On the other side, the presence of high levels of nitrite contents in NE could be a consequence of damage in the nigrostriatal circuit derived from DN atrophy. This adaptive process can lead to nitrite accumulation in NE by nitric oxide synthase (NOS)/nitric oxide (NO) deregulation. Other sources of nitrite ions are the capillary vasodilation and microglia recruitment as a result of DN degeneration (44), which is not observed in our experimental conditions; interestingly high levels of microglia were determined in HD-cassava treatment. If microgliosis does not always relate to cytotoxicity, in our study, similar levels of caspase-3 in HD-cassava and Stau groups reflect the presence of mild cytotoxic effect of HD-cassava treatment. However, this condition did neither favor significant damage in the number of dopaminergic neurons nor loss of dopamine innervation in neostriatum. For this, we suppose that the high presence of microgliosis is related to the neuroprotective role of microglia.

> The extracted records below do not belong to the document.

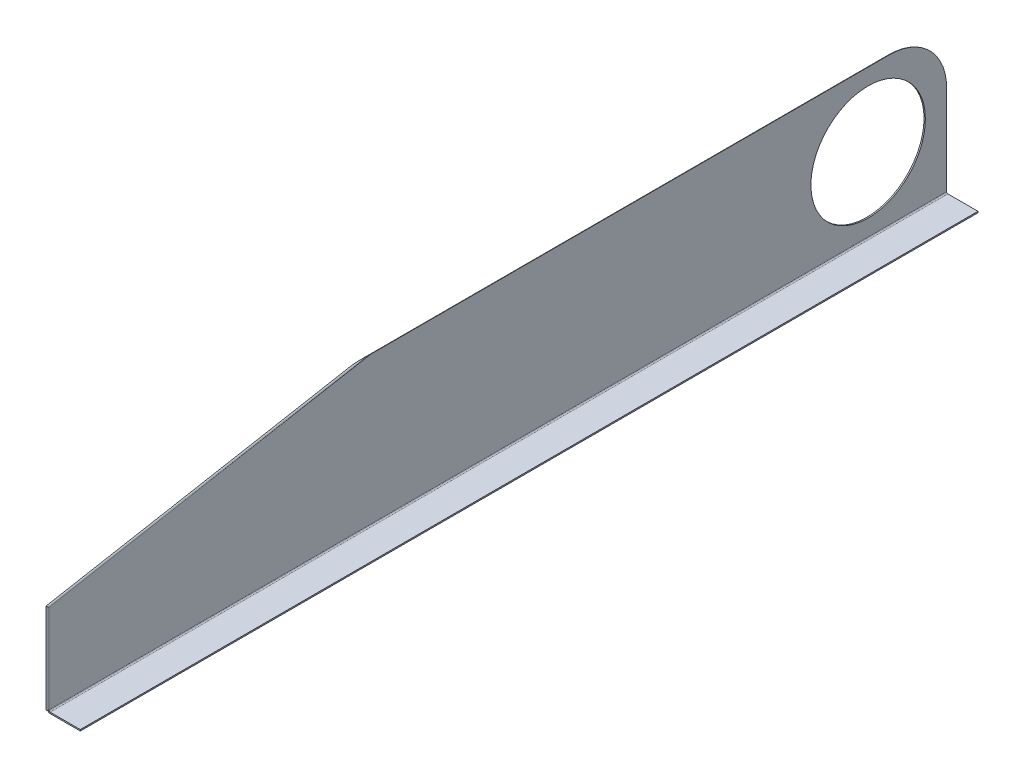
SolidWorks part; units mm, degrees
note: The reader was unsure of these and kept them because the rebuilt part matched: flange length of "Edge-Flange1".
ref_plane "Front Plane" through (0, 0, 0) normal (0, 0, 1) x (1, 0, 0)
ref_plane "Top Plane" through (0, 0, 0) normal (0, 1, 0) x (1, 0, 0)
ref_plane "Right Plane" through (0, 0, 0) normal (1, 0, 0) x (0, 0, -1)
sketch "Sketch1" plane through (0, 0, 0) normal (1, 0, 0) x (0, 0, -1)
  line L0 (-275, 10.1014) -> (-82.9653, 45)
  line L1 (275, -45) -> (-275, -45)
  line L2 (275, -45) -> (275, 45)
  line L3 (275, 45) -> (-82.9653, 45)
  line L4 (-275, -45) -> (-275, 10.1014)
  point P0 (0, 0)
  point P1 (0, 0)
  dimension "D1" = 550
  dimension "D2" = 90
  dimension "D3" = 195.18
  dimension "D4" = 10.3
base flange "Base-Flange1" sketch "Sketch1" thickness 0.8 reverse thickness direction no parameters "D1"=0.8
sketch "Sketch6" plane through (0, 0, 0) normal (1, 0, 0) x (0, 0, -1)
  line L2 (0.8621, 0) -> (-0.8621, 0) construction
  circle A0 centre (227, 0) radius 35
  dimension "D2" = 70
extrude "Cut-Extrude1" cut sketch "Sketch6" against normal blind 10
sketch "Sketch7" plane through (0, 0, 0) normal (1, 0, 0) x (0, 0, -1)
  line L0 (275, 45) -> (240, 45)
  line L6 (275, 45) -> (-82.9653, 45) construction
  line L8 (275, 45) -> (275, 10)
  line L9 (275, -45) -> (275, 45) construction
  arc A0 (275, 10) -> (240, 45) centre (240, 10) ccw
  dimension "D1" = 35
  dimension "D2" = 35
extrude "Cut-Extrude2" cut sketch "Sketch7" against normal blind 10
fillet "Fillet1" radius 1 1 edges at (0, 27.5507, 178.9827)
fillet "Fillet2" radius 1 3 edges at (-0.8, -17.5, -275) (-0.8, 34.7487, -264.7487) (-0.8, 45, -78.5173)
fillet "Fillet5" radius 1 1 edges at (0, -17.9472, 275)
edge flange "Edge-Flange1" sketch "Sketch10" flange angle 90 flange length 20 flange position bend outside bend radius 0.8 thickness 0.8 parameters "D6"=10
sketch "Sketch10" plane through (0, -45, 0) normal (0, -1, 0) x (0, 0, -1)
  line L2 (-274.0202, 0) -> (-274.0202, 19.2)
  line L3 (-274.0202, 19.2) -> (275, 19.2)
  line L4 (275, 19.2) -> (275, 0)
  line L9 (-274.0202, 0) -> (275, 0) construction
  line L10 (-274.0202, 0) -> (275, 0)
bend "EdgeBend1" bend radius 0.8 bend angle 90 parameters "D5"=1
sketch "Bend-Lines1" [suppressed] plane through (0, 0, 0) normal (0, 1, 0) x (1, 0, 0)
sketch "Bounding-Box1" [suppressed] plane through (0, 0, 0) normal (0, 1, 0) x (1, 0, 0)
sheet metal parameters "Sheet-Metal1" thickness 0.8 parameters "D1"=0.8
flat pattern "Flat-Pattern1" [suppressed]
sketch "Bend-Lines2" plane through (0, 0, 0) normal (0, 1, 0) x (1, 0, 0)
sketch3d "Bounding-Box2" [suppressed]
  line L0 (275, -45, 0) -> (-275, -45, 0) construction
  line L1 (275, 45, 0) -> (-275, 45, 0) construction
  line L2 (275, -45, 0) -> (275, 45, 0) construction
  line L3 (-275, -45, 0) -> (-275, 45, 0) construction
sheet metal parameters "Sheet-Metal2" thickness 0.8 parameters "D1"=0.8
flat pattern "Flat-Pattern1"
sketch "Bend-Lines2" plane through (0, 0, 0) normal (0, 1, 0) x (1, 0, 0)
sketch3d "Bounding-Box2" [suppressed]
  line L0 (-275, -45, 0) -> (275, -45, 0) construction
  line L1 (-275, 45, 0) -> (275, 45, 0) construction
  line L2 (-275, -45, 0) -> (-275, 45, 0) construction
  line L3 (275, -45, 0) -> (275, 45, 0) construction
sheet metal parameters "Sheet-Metal3" thickness 0.8 parameters "D1"=0.8
flat pattern "Flat-Pattern1"
sketch "Bend-Lines2" plane through (0, 0, 0) normal (0, 1, 0) x (1, 0, 0)
sketch3d "Bounding-Box2" [suppressed]
  line L0 (-274.0202, 45, 0) -> (275, 45, 0) construction
  line L1 (-274.0202, -45, 0) -> (275, -45, 0) construction
  line L2 (-274.0202, 45, 0) -> (-274.0202, -45, 0) construction
  line L3 (275, 45, 0) -> (275, -45, 0) construction
sheet metal parameters "Sheet-Metal4" thickness 0.8 parameters "D1"=0.8
flat pattern "Flat-Pattern1"
sketch "Bend-Lines2" plane through (0, 0, 0) normal (1, 0, 0) x (0, 0, -1)
  line L0 (-274.0202, -45.9111) -> (275, -45.9111) construction
  line L1 (-274.0202, -45.9111) -> (275, -45.9111) construction
sketch3d "Bounding-Box2" [suppressed]
  line L0 (-274.0202, 45, 0) -> (275, 45, 0) construction
  line L1 (-274.0202, -65.2221, 0) -> (275, -65.2221, 0) construction
  line L2 (-274.0202, 45, 0) -> (-274.0202, -65.2221, 0) construction
  line L3 (275, 45, 0) -> (275, -65.2221, 0) construction
bend of the flat pattern "Flatten-<EdgeBend1>1"
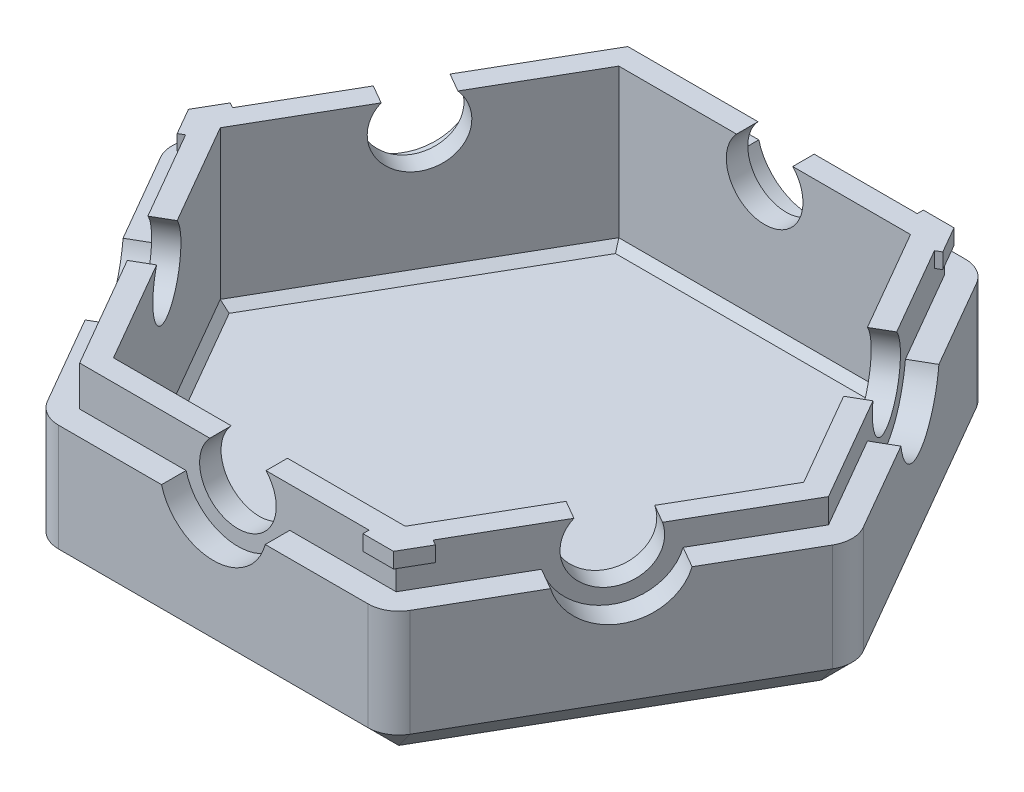
SolidWorks part; units mm, degrees
ref_plane "Front Plane" through (0, 0, 0) normal (0, 0, 1) x (1, 0, 0)
ref_plane "Top Plane" through (0, 0, 0) normal (0, 1, 0) x (1, 0, 0)
ref_plane "Right Plane" through (0, 0, 0) normal (1, 0, 0) x (0, 0, -1)
sketch "Sketch1" plane through (0, 0, 0) normal (0, 1, 0) x (1, 0, 0)
  line L0 (22.5, 0) -> (0, 0) construction
  line L1 (22.5, 0) -> (11.25, 19.4856)
  line L2 (11.25, 19.4856) -> (-11.25, 19.4856)
  line L3 (-11.25, 19.4856) -> (-22.5, 0)
  line L4 (-22.5, 0) -> (-11.25, -19.4856)
  line L5 (-11.25, -19.4856) -> (11.25, -19.4856)
  line L6 (11.25, -19.4856) -> (22.5, 0)
  circle A0 centre (0, 0) radius 19.4856 construction
  dimension "D1" = 22.5
extrude "Boss-Extrude1" add sketch "Sketch1" against normal blind 10 from offset 3.7 offset against normal yes
sketch "Sketch2" plane through (0, -3.7, 0) normal (0, 1, 0) x (1, 0, 0)
  line L0 (19.0359, 0) -> (9.5179, 16.4856)
  line L1 (9.5179, 16.4856) -> (-9.5179, 16.4856)
  line L2 (-9.5179, 16.4856) -> (-19.0359, 0)
  line L3 (-19.0359, 0) -> (-9.5179, -16.4856)
  line L4 (-9.5179, -16.4856) -> (9.5179, -16.4856)
  line L5 (9.5179, -16.4856) -> (19.0359, 0)
  line L6 (11.25, -19.4856) -> (22.5, 0)
  line L7 (22.5, 0) -> (11.25, 19.4856)
  line L8 (11.25, 19.4856) -> (-11.25, 19.4856)
  line L9 (-11.25, 19.4856) -> (-22.5, 0)
  line L10 (-22.5, 0) -> (-11.25, -19.4856)
  line L11 (-11.25, -19.4856) -> (11.25, -19.4856)
  line L12 (11.25, -19.4856) -> (22.5, 0)
  line L13 (22.5, 0) -> (11.25, 19.4856)
  line L14 (11.25, 19.4856) -> (-11.25, 19.4856)
  line L15 (-11.25, 19.4856) -> (-22.5, 0)
  line L16 (-22.5, 0) -> (-11.25, -19.4856)
  line L17 (-11.25, -19.4856) -> (11.25, -19.4856)
  dimension "D1" = 0
  dimension "D2" = 3
extrude "Cut-Extrude1" cut sketch "Sketch2" against normal blind 8.6 contours L4 L5 L0 L1 L2 L3 region at (0, -3.7, 0)
sketch "Sketch3" plane through (0, -3.7, 0) normal (0, 1, 0) x (1, 0, 0)
  line L0 (10.3262, -17.8856) -> (20.6525, 0)
  line L1 (20.6525, 0) -> (10.3262, 17.8856)
  line L2 (10.3262, 17.8856) -> (-10.3262, 17.8856)
  line L3 (-10.3262, 17.8856) -> (-20.6525, 0)
  line L4 (-20.6525, 0) -> (-10.3262, -17.8856)
  line L5 (-10.3262, -17.8856) -> (10.3262, -17.8856)
  line L6 (-9.5179, -16.4856) -> (9.5179, -16.4856)
  line L7 (-19.0359, 0) -> (-9.5179, -16.4856)
  line L8 (-9.5179, 16.4856) -> (-19.0359, 0)
  line L9 (9.5179, 16.4856) -> (-9.5179, 16.4856)
  line L10 (19.0359, 0) -> (9.5179, 16.4856)
  line L11 (9.5179, -16.4856) -> (19.0359, 0)
  line L12 (-9.5179, -16.4856) -> (9.5179, -16.4856)
  line L13 (-19.0359, 0) -> (-9.5179, -16.4856)
  line L14 (-9.5179, 16.4856) -> (-19.0359, 0)
  line L15 (9.5179, 16.4856) -> (-9.5179, 16.4856)
  line L16 (19.0359, 0) -> (9.5179, 16.4856)
  line L17 (9.5179, -16.4856) -> (19.0359, 0)
  dimension "D1" = 0
  dimension "D2" = 1.4
extrude "Boss-Extrude2" add sketch "Sketch3" along normal blind 1.6
fillet "Fillet1" radius 2 6 edges at (22.5, -8.7, 0) (11.25, -8.7, 19.4856) (-11.25, -8.7, 19.4856) (-22.5, -8.7, 0) (-11.25, -8.7, -19.4856) (11.25, -8.7, -19.4856)
sketch "Sketch6" plane through (0, -3.7, 0) normal (0, 1, 0) x (1, 0, 0)
  line L6 (10.3262, -17.8856) -> (20.6525, 0)
  line L7 (-10.3262, -17.8856) -> (10.3262, -17.8856)
  line L8 (-20.6525, 0) -> (-10.3262, -17.8856)
  line L9 (-10.3262, 17.8856) -> (-20.6525, 0)
  line L10 (10.3262, 17.8856) -> (-10.3262, 17.8856)
  line L11 (20.6525, 0) -> (10.3262, 17.8856)
  line L12 (10.3262, -17.8856) -> (20.6525, 0)
  line L13 (-10.3262, -17.8856) -> (10.3262, -17.8856)
  line L14 (-20.6525, 0) -> (-10.3262, -17.8856)
  line L15 (-10.3262, 17.8856) -> (-20.6525, 0)
  line L16 (10.3262, 17.8856) -> (-10.3262, 17.8856)
  line L17 (20.6525, 0) -> (10.3262, 17.8856)
  line L18 (11.8274, -18.4856) -> (21.9226, -1)
  line L19 (21.9226, 1) -> (11.8274, 18.4856)
  line L20 (10.0953, 19.4856) -> (-10.0953, 19.4856)
  line L21 (-11.8274, 18.4856) -> (-21.9226, 1)
  line L22 (-21.9226, -1) -> (-11.8274, -18.4856)
  line L23 (-10.0953, -19.4856) -> (10.0953, -19.4856)
  line L24 (11.8274, -18.4856) -> (21.9226, -1)
  line L25 (21.9226, 1) -> (11.8274, 18.4856)
  line L26 (10.0953, 19.4856) -> (-10.0953, 19.4856)
  line L27 (-11.8274, 18.4856) -> (-21.9226, 1)
  line L28 (-21.9226, -1) -> (-11.8274, -18.4856)
  line L29 (-10.0953, -19.4856) -> (10.0953, -19.4856)
  arc A6 (21.9226, -1) -> (21.9226, 1) centre (20.1906, 0) ccw
  arc A7 (11.8274, 18.4856) -> (10.0953, 19.4856) centre (10.0953, 17.4856) ccw
  arc A8 (-10.0953, 19.4856) -> (-11.8274, 18.4856) centre (-10.0953, 17.4856) ccw
  arc A9 (-21.9226, 1) -> (-21.9226, -1) centre (-20.1906, 0) ccw
  arc A10 (-11.8274, -18.4856) -> (-10.0953, -19.4856) centre (-10.0953, -17.4856) ccw
  arc A11 (10.0953, -19.4856) -> (11.8274, -18.4856) centre (10.0953, -17.4856) ccw
  arc A12 (21.9226, -1) -> (21.9226, 1) centre (20.1906, 0) ccw
  arc A13 (11.8274, 18.4856) -> (10.0953, 19.4856) centre (10.0953, 17.4856) ccw
  arc A14 (-10.0953, 19.4856) -> (-11.8274, 18.4856) centre (-10.0953, 17.4856) ccw
  arc A15 (-21.9226, 1) -> (-21.9226, -1) centre (-20.1906, 0) ccw
  arc A16 (-11.8274, -18.4856) -> (-10.0953, -19.4856) centre (-10.0953, -17.4856) ccw
  arc A17 (10.0953, -19.4856) -> (11.8274, -18.4856) centre (10.0953, -17.4856) ccw
  dimension "D1" = 0
  dimension "D2" = 0
extrude "Cut-Extrude4" cut sketch "Sketch6" against normal blind 1
sketch "Sketch4" plane through (0, 0, -19.4856) normal (0, 0, -1) x (-1, 0, 0)
  line L0 (0, -3.7) -> (0, -3.8) construction
  line L2 (0, -3.7) -> (0, 0) construction
  circle A0 centre (0, -3.8) radius 3.5
  dimension "D2" = 7
  dimension "D1" = 0.1
  dimension "D3" = 3.7
extrude "Cut-Extrude3" cut sketch "Sketch4" against normal up to next
ref_axis "Axis1" through (0, -14.28, 0) along (0, 1, 0)
pattern_circular "CirPattern1" count 6 over 360 about axis through (0, -14.28, 0) along (0, 1, 0) of "Cut-Extrude3"
chamfer "Chamfer1" distance 0.5 angle 45 6 edges at (-14.2769, -12.3, 8.2428) (-14.2769, -12.3, -8.2428) (0, -12.3, -16.4856) (14.2769, -12.3, -8.2428) (14.2769, -12.3, 8.2428) (0, -12.3, 16.4856)
chamfer "Chamfer2" distance 2 angle 45 12 edges at (0, -13.7, 19.4856) (11.0953, -13.7, 19.2176) (-11.0953, -13.7, 19.2176) (16.875, -13.7, 9.7428) (-16.875, -13.7, 9.7428) (22.1906, -13.7, 0) (-22.1906, -13.7, 0) (16.875, -13.7, -9.7428) (-16.875, -13.7, -9.7428) (11.0953, -13.7, -19.2176) (-11.0953, -13.7, -19.2176) (0, -13.7, -19.4856)
sketch "Sketch7" plane through (0, -2.1, 0) normal (0, 1, 0) x (1, 0, 0)
  line L124 (8.5572, 17.8856) -> (8.5572, 18.2856)
  line L125 (10.3262, 17.8856) -> (3.0594, 17.8856) construction
  line L126 (14.1446, 12.0719) -> (10.5572, 18.2856)
  line L127 (10.5572, 18.2856) -> (3.0594, 18.2856)
  line L128 (11.5572, 16.5535) -> (10.5572, 18.2856)
  line L129 (10.5572, 18.2856) -> (8.5572, 18.2856)
  line L130 (11.2108, 16.3535) -> (11.5572, 16.5535)
  line L131 (13.9597, 11.5923) -> (10.3262, 17.8856) construction
  line L132 (13.7982, 11.8719) -> (10.3262, 17.8856) construction
  line L133 (11.2108, 16.3535) -> (10.3262, 17.8856)
  line L134 (10.3262, 17.8856) -> (8.5572, 17.8856)
  line L135 (8.5572, -18.2856) -> (10.5572, -18.2856)
  line L136 (8.5572, -17.8856) -> (10.3262, -17.8856)
  line L137 (10.5572, -18.2856) -> (11.5572, -16.5535)
  line L138 (10.3262, -17.8856) -> (11.2108, -16.3535)
  line L139 (11.2108, -16.3535) -> (11.5572, -16.5535)
  line L140 (8.5572, -17.8856) -> (8.5572, -18.2856)
  line L141 (-20.1144, 1.7321) -> (-21.1144, 0)
  line L142 (-19.7679, 1.5321) -> (-20.6525, 0)
  line L143 (-21.1144, 0) -> (-20.1144, -1.7321)
  line L144 (-20.6525, 0) -> (-19.7679, -1.5321)
  line L145 (-19.7679, -1.5321) -> (-20.1144, -1.7321)
  line L146 (-19.7679, 1.5321) -> (-20.1144, 1.7321)
  point P44 (0, 0)
  dimension "D2" = 2
  dimension "D3" = 2
  dimension "D4" = 3
  dimension "D1" = 0.4
extrude "Boss-Extrude3" add sketch "Sketch7" against normal blind 1
sketch "Sketch10" plane through (0, 0, -16.4856) normal (0, 0, 1) x (1, 0, 0)
  line L0 (3.0594, -2.1) -> (1.833, -2.1)
  line L1 (-1.833, -2.1) -> (-3.0594, -2.1)
  arc A0 (-3.0594, -2.1) -> (3.0594, -2.1) centre (0, -3.8) ccw
  arc A1 (-1.833, -2.1) -> (1.833, -2.1) centre (0, -3.8) ccw
  dimension "D2" = 5
extrude "Boss-Extrude4" add sketch "Sketch10" against normal blind 1.4
pattern_circular "CirPattern5" count 6 over 360 about axis through (0, -14.28, 0) along (0, 1, 0) of "Boss-Extrude4"
sketch "Sketch9" plane through (0, -2.1, 0) normal (0, 1, 0) x (1, 0, 0)
  line L6 (16.4059, 7.3553) -> (15.1934, 6.6553)
  line L7 (15.1934, 6.6553) -> (19.0359, 0)
  line L8 (19.0359, 0) -> (15.1934, -6.6553)
  line L9 (16.4059, 7.3553) -> (15.1934, 6.6553)
  line L10 (16.4059, -7.3553) -> (20.6525, 0)
  line L11 (20.6525, 0) -> (16.4059, 7.3553)
  line L13 (15.1934, 6.6553) -> (19.0359, 0)
  line L14 (19.0359, 0) -> (15.1934, -6.6553)
  line L16 (16.4059, -7.3553) -> (20.6525, 0)
  line L17 (20.6525, 0) -> (16.4059, 7.3553)
  line L18 (15.1934, -6.6553) -> (16.4059, -7.3553)
  line L19 (15.1934, -6.6553) -> (16.4059, -7.3553)
  dimension "D1" = 0
extrude "Cut-Extrude5" cut sketch "Sketch9" against normal blind 1

In the linamarin group, several histopathological features were found. In SNpc and NE, no significant changes of MDA-4-HAD, nitrite contents, necrotic bodies, or microgliosis were observed. In this study, the linamarin dose used causes neuronal hypertrophy and high caspase-3 expression levels in TH-IR neurons of SNpc with respect to stau or vehicle groups. In our experimental conditions, neuronal hypertrophy could be the result of transient changes of free radical concentration in the microenvironment of the dopaminergic neurons. The free radicals can act on the membrane lipids by decreasing their fluidity, the reduction of electrochemical potential and increase in membrane permeability leading to neuronal hypertrophy (45, 46). This type of cellular adaptation is characterized by the cytoplasmic accumulation of ions, free radicals, proteins, and carbohydrates into cell; when the cell osmolarity is disrupted, neuronal death occurs by an increase in the activity of calcium channels, dysfunctional proteolysis, alpha-synuclein aggregation, and the formation of mutant proteins can occur (47). The cyanogenic nature of linamarin could favor glutamate-related excitotoxicity and consequently caspase-3-related apoptosis, as was identified in this work (48). Interestingly, our study showed expression of caspase-3 in dopaminergic neurons of SNpc sampled (9%) without significant microgliosis or significant loss of dopaminergic population in SNpc, which is supposed to cause a discrete neuronal damage due to HD-cassava treatment.

Conclusion

The chronic consumption of cassava does neither favor loss of bodyweight nor negative survival in Wistar rats. The consumption of a daily dose of 28.56 g/kg of cassava juice for 35 days increased nitrite content and lipoperoxidation levels, dopaminergic atrophy, and microgliosis in SNpc. The administration of linamarin induced hypertrophy and caspase-3 mediated apoptosis. Cellular damage and microgliosis can contribute partially to motor impairment in male Wistar rats associated with cassava consumption.